====== Dataset extract ======
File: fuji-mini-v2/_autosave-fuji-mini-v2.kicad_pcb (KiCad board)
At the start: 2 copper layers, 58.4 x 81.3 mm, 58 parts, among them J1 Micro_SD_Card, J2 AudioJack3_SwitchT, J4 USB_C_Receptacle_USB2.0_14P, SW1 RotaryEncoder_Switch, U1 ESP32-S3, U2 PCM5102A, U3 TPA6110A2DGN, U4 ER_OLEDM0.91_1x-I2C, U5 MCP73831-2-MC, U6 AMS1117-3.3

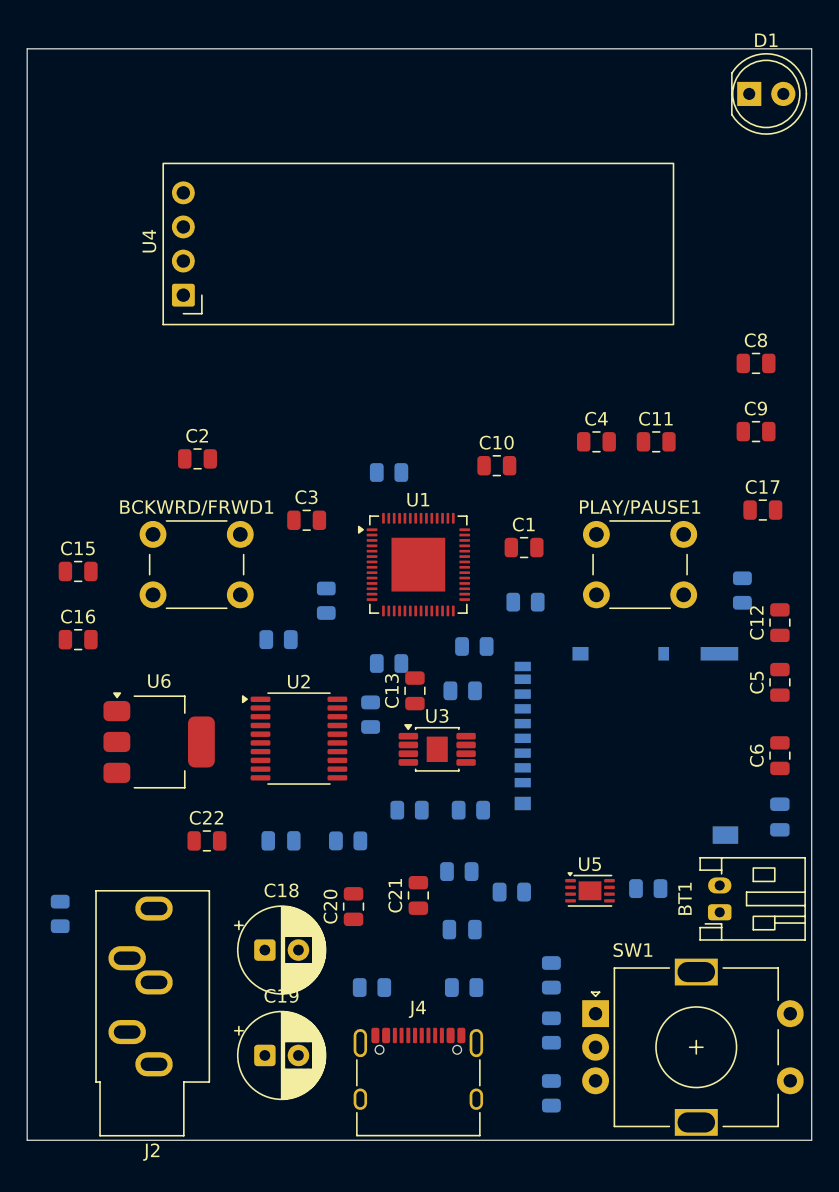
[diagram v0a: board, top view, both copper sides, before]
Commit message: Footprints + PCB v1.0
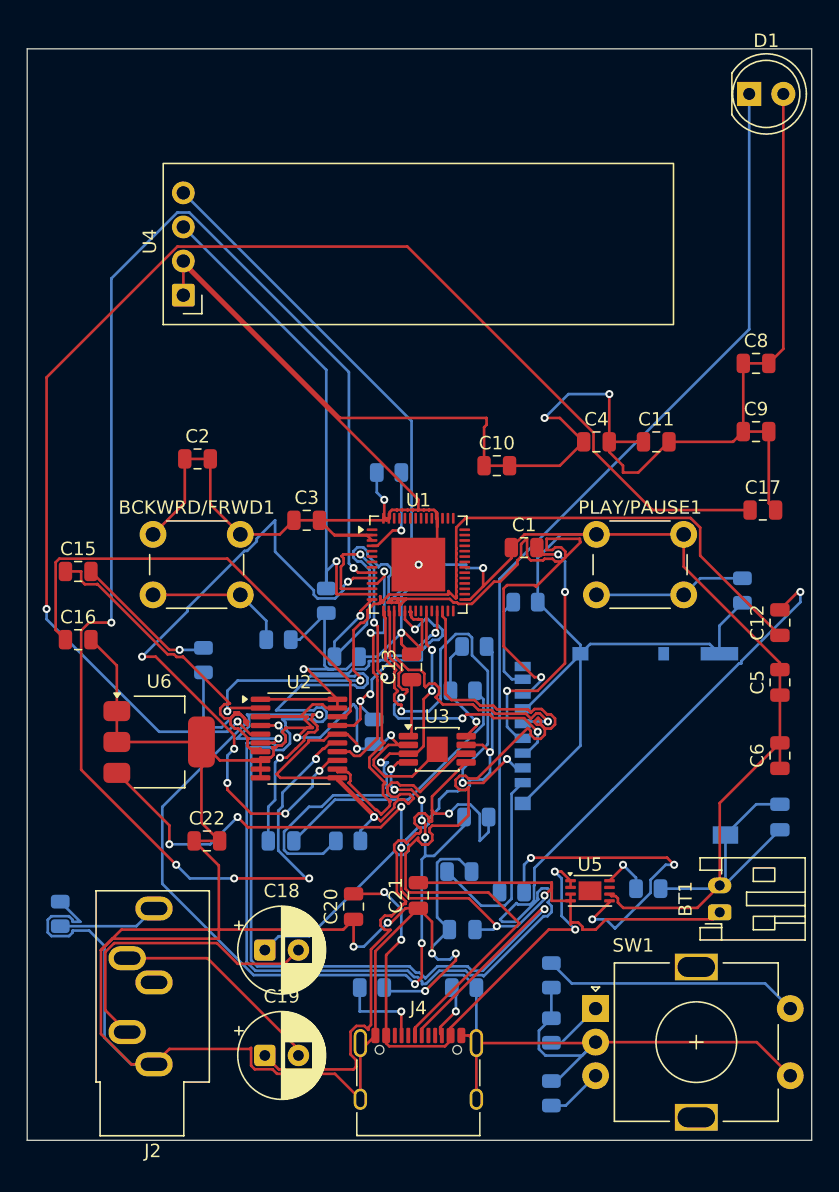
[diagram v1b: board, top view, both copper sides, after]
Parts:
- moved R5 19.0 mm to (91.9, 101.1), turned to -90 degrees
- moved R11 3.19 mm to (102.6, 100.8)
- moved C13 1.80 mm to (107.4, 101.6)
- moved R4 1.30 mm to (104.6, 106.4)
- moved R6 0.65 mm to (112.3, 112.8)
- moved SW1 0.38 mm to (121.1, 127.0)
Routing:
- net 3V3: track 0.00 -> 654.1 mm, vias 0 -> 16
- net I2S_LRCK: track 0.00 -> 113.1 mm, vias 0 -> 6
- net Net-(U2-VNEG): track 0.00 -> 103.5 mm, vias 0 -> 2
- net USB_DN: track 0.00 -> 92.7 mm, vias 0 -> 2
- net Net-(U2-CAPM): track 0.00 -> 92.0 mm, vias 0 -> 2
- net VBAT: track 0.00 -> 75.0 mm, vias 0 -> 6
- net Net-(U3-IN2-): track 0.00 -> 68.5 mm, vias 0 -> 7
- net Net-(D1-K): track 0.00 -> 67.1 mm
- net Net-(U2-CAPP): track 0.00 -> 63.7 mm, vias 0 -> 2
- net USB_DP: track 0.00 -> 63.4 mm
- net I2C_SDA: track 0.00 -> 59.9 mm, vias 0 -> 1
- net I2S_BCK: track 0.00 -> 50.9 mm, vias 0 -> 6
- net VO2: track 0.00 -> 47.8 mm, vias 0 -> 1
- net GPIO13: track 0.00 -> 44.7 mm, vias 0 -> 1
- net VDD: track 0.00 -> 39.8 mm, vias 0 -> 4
======
■ What you need to do ■
Looking at the material above, work out how many lines have the word "diagram" in them. Answer with that number alone.

■ Expected answer ■
2